Given Musks public statements on goals and strategies, I think you should view it more holistically.
With Musk, everything is a step towards the end goal(s), like colonizing Mars (which might even be the only goal since it ties everything together; it’s much easier to send humanoids to prepare for colonization and it’s not like HCI seems at all a priority unlike many other AI efforts).
My guess is that with Tesla, Musk aims to create AGI in a way he can control (as you may recall, he has previously talked about fears of the tech and control is a natural strategy to handle this). The cars are just the step that enables the next, so he basically just invests in the future over short term gains, which is a very reasonable business decision.
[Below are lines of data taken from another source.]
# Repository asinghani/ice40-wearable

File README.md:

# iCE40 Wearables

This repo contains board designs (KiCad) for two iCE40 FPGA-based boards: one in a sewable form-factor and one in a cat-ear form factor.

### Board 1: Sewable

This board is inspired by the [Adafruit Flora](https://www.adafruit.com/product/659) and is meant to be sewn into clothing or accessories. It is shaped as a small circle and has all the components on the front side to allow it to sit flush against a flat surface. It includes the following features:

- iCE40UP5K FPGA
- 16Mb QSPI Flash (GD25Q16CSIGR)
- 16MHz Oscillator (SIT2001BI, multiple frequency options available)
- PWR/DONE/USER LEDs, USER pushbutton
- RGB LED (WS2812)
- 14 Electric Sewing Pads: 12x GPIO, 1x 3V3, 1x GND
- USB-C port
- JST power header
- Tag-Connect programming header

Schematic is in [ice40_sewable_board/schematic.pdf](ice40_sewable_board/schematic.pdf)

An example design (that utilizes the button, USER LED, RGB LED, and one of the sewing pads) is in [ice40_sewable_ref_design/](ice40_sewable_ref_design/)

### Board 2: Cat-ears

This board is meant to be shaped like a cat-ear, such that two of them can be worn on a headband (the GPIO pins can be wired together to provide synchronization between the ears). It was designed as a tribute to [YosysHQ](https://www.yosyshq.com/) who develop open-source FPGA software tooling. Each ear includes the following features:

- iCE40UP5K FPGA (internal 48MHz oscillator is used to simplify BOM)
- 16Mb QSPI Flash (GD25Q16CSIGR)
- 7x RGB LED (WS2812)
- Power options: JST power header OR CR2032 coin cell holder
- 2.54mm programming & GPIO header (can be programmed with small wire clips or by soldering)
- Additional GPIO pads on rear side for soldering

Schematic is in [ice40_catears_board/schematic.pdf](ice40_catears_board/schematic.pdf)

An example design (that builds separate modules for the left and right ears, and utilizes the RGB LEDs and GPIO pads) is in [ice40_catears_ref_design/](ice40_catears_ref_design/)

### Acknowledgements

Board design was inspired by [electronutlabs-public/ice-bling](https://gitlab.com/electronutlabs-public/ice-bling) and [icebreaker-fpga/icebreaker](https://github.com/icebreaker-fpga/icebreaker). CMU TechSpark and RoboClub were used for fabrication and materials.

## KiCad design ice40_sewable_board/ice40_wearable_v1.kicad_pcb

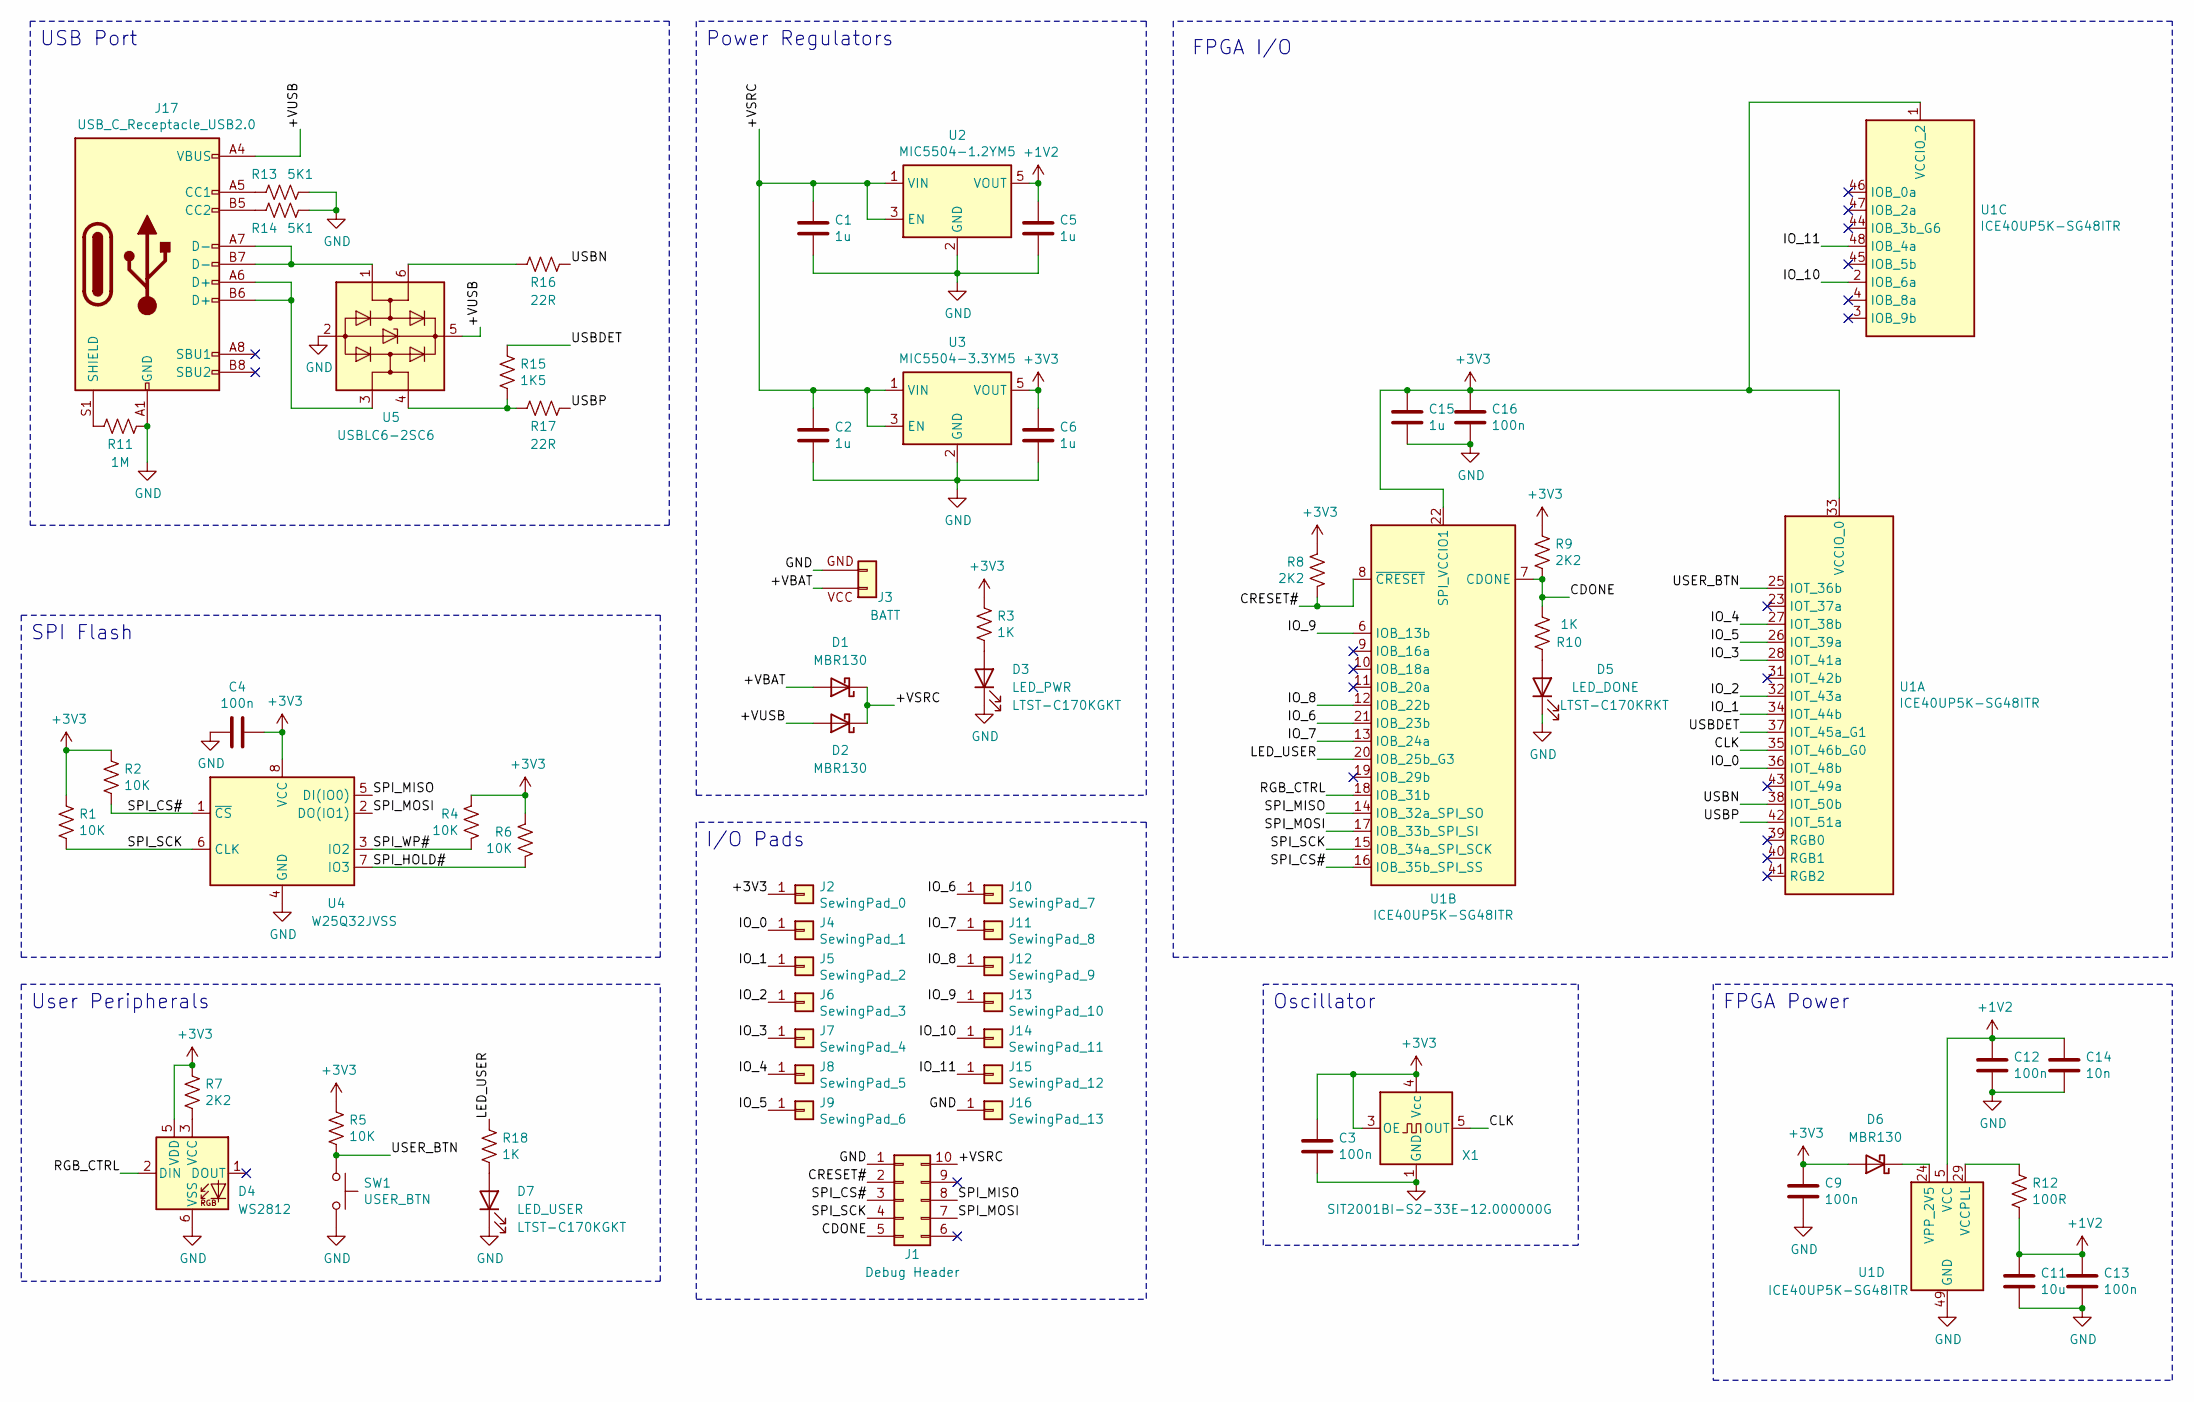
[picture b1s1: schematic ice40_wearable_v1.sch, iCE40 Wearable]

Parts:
C1, C2, C5, C6, C15: 1u; C_0603_1608Metric
C3, C4, C9, C12, C13, C16: 100n; C_0603_1608Metric
C11: 10u; C_0603_1608Metric
C14: 10n; C_0603_1608Metric
D1, D2, D6: MBR130; D_SOD-123
D3: LED_PWR; LED_0805_2012Metric
D4: WS2812; LED_WS2812_PLCC6_5.0x5.0mm_P1.6mm
D5: LED_DONE; LED_0805_2012Metric
D7: LED_USER; LED_0805_2012Metric
J1: Debug Header; Tag-Connect_TC2050-IDC-NL_2x05_P1.27mm_Vertical_with_bottom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
J2: SewingPad_0; adafruit_sewing_tap
J3: BATT; JST_PH_S2B-PH-SM4-TB_1x02-1MP_P2.00mm_Horizontal
J4: SewingPad_1; adafruit_sewing_tap
J5: SewingPad_2; adafruit_sewing_tap
J6: SewingPad_3; adafruit_sewing_tap
J7: SewingPad_4; adafruit_sewing_tap
J8: SewingPad_5; adafruit_sewing_tap
J9: SewingPad_6; adafruit_sewing_tap
J10: SewingPad_7; adafruit_sewing_tap
J11: SewingPad_8; adafruit_sewing_tap
J12: SewingPad_9; adafruit_sewing_tap
J13: SewingPad_10; adafruit_sewing_tap
J14: SewingPad_11; adafruit_sewing_tap
J15: SewingPad_12; adafruit_sewing_tap
J16: SewingPad_13; adafruit_sewing_tap
J17: USB_C_Receptacle_USB2.0; USB_C_Receptacle_HRO_TYPE-C-31-M-12
R1, R2, R4, R5, R6: 10K; R_0805_2012Metric
R3, R10, R18: 1K; R_0805_2012Metric
R7, R8, R9: 2K2; R_0805_2012Metric
R11: 1M; R_0805_2012Metric
R12: 100R; R_0805_2012Metric
R13, R14: 5K1; R_0805_2012Metric
R15: 1K5; R_0805_2012Metric
R16, R17: 22R; R_0805_2012Metric
SW1: USER_BTN; SW_SPST_CK_RS282G05A3
U1: ICE40UP5K-SG48ITR; QFN-48-1EP_7x7mm_P0.5mm_EP5.6x5.6mm
U2: MIC5504-1.2YM5; SOT-23-5
U3: MIC5504-3.3YM5; SOT-23-5
U4: W25Q32JVSS; SOIC-8_5.23x5.23mm_P1.27mm
U5: USBLC6-2SC6; SOT-23-6
X1: SIT2001BI-S2-33E-12.000000G; SOT-23-5

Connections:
+1V2: C5.1, C11.1, C12.1, C13.1, C14.1, R12.2, U1.5 (VCC), U1.30 (VCC), U2.5 (VOUT)
+3V3: C3.1, C4.1, C6.1, C9.1, C15.1, C16.1, D4.5 (VDD), D6.2 (A), J2.1, R1.1, R2.1, R3.1, R4.2, R5.1, R6.1, R7.1, R8.1, R9.1, U1.1 (VCCIO_2), U1.22 (SPI_VCCIO1), U1.33 (VCCIO_0), U3.5 (VOUT), U4.8 (VCC), X1.3 (OE), X1.4 (Vcc)
/+VBAT: D1.2 (A), J3.1 (+V)
/+VSRC: C1.1, C2.1, D1.1 (K), D2.1 (K), J1.10, U2.1 (VIN), U2.3 (EN), U3.1 (VIN), U3.3 (EN)
/+VUSB: D2.2 (A), J17.A4 (VBUS), J17.A9 (VBUS), J17.B4 (VBUS), J17.B9 (VBUS), U5.5 (VBUS)
/CDONE: J1.5, R9.2, R10.2, U1.7 (CDONE)
/CLK: U1.35 (IOT_46b_G0), X1.5 (OUT)
/CRESET#: J1.2, R8.2, U1.8 (~CRESET)
/IO_0: J4.1, U1.36 (IOT_48b)
/IO_1: J5.1, U1.34 (IOT_44b)
/IO_2: J6.1, U1.32 (IOT_43a)
/IO_3: J7.1, U1.28 (IOT_41a)
/IO_4: J8.1, U1.27 (IOT_38b)
/IO_5: J9.1, U1.26 (IOT_39a)
/IO_6: J10.1, U1.21 (IOB_23b)
/IO_7: J11.1, U1.13 (IOB_24a)
/IO_8: J12.1, U1.12 (IOB_22b)
/IO_9: J13.1, U1.6 (IOB_13b)
/IO_10: J14.1, U1.2 (IOB_6a)
/IO_11: J15.1, U1.48 (IOB_4a)
/LED_USER: R18.1, U1.20 (IOB_25b_G3)
/RGB_CTRL: D4.2 (DIN), U1.18 (IOB_31b)
/SPI_CS#: J1.3, R2.2, U1.16 (IOB_35b_SPI_SS), U4.1 (~CS)
/SPI_HOLD#: R6.2, U4.7 (IO3)
/SPI_MISO: J1.8, U1.14 (IOB_32a_SPI_SO), U4.5 (DI(IO0))
/SPI_MOSI: J1.7, U1.17 (IOB_33b_SPI_SI), U4.2 (DO(IO1))
/SPI_SCK: J1.4, R1.2, U1.15 (IOB_34a_SPI_SCK), U4.6 (CLK)
/SPI_WP#: R4.1, U4.3 (IO2)
/USBDET: R15.1, U1.37 (IOT_45a_G1)
/USBN: R16.2, U1.38 (IOT_50b)
/USBP: R17.2, U1.42 (IOT_51a)
/USER_BTN: R5.2, SW1.1, U1.25 (IOT_36b)
GND: C1.2, C2.2, C3.2, C4.2, C5.2, C6.2, C9.2, C11.2, C12.2, C13.2, C14.2, C15.2, C16.2, D3.1 (K), D4.6 (VSS), D5.1 (K), D7.1 (K), J1.1, J3.2 (GND), J16.1, J17.A1 (GND), J17.A12 (GND), J17.B1 (GND), J17.B12 (GND), R11.2, R13.2, R14.2, SW1.2, U1.49 (GND), U2.2 (GND), U3.2 (GND), U4.4 (GND), U5.2 (GND), X1.1 (GND)
unnamed: D3.2 (A), R3.2
unnamed: D4.3 (VCC), R7.2
unnamed: D5.2 (A), R10.1
unnamed: D6.1 (K), U1.24 (VPP_2V5)
unnamed: D7.2 (A), R18.2
unnamed: J17.A5 (CC1), R13.1
unnamed: J17.A6 (D+), J17.B6 (D+), U5.3 (I/O2)
unnamed: J17.A7 (D-), J17.B7 (D-), U5.1 (I/O1)
unnamed: J17.B5 (CC2), R14.1
unnamed: J17.S1 (SHIELD), R11.1
unnamed: R12.1, U1.29 (VCCPLL)
unnamed: R15.2, R17.1, U5.4 (I/O2)
unnamed: R16.1, U5.6 (I/O1)

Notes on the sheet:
User Peripherals
SPI Flash
Power Regulators
USB Port
FPGA Power
FPGA I/O
I/O Pads
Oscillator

Custom silicon is likely unavoidable if you want to lead the AGI field, so he would just be investing in the next step of the plan. Tesla Bot is a good indicator of this direction.
- tsimionescu 3 years ago
  
  > Tesla Bot is a good indicator of this direction.
  Tesla Bot was the human in a bot costume dancing on stage [0], right? If so, then yes, this is quite a good indicator of the seriousness of this direction.
  [0] https://www.youtube.com/watch?v=HUP6Z5voiS8&t=1m2s
  
  relativ575 3 years ago
  
  Urgh, they explicitly mentioned that it was a real human in the same presentation. Your obsession with bashing Tesla is unhealthy. Pick a valid criticism.
  
  tsimionescu 3 years ago
  
  Yes, I know that wasn't a lie, just a very corny joke.
  Did we ever get anything more substantive about Tesla Bot though?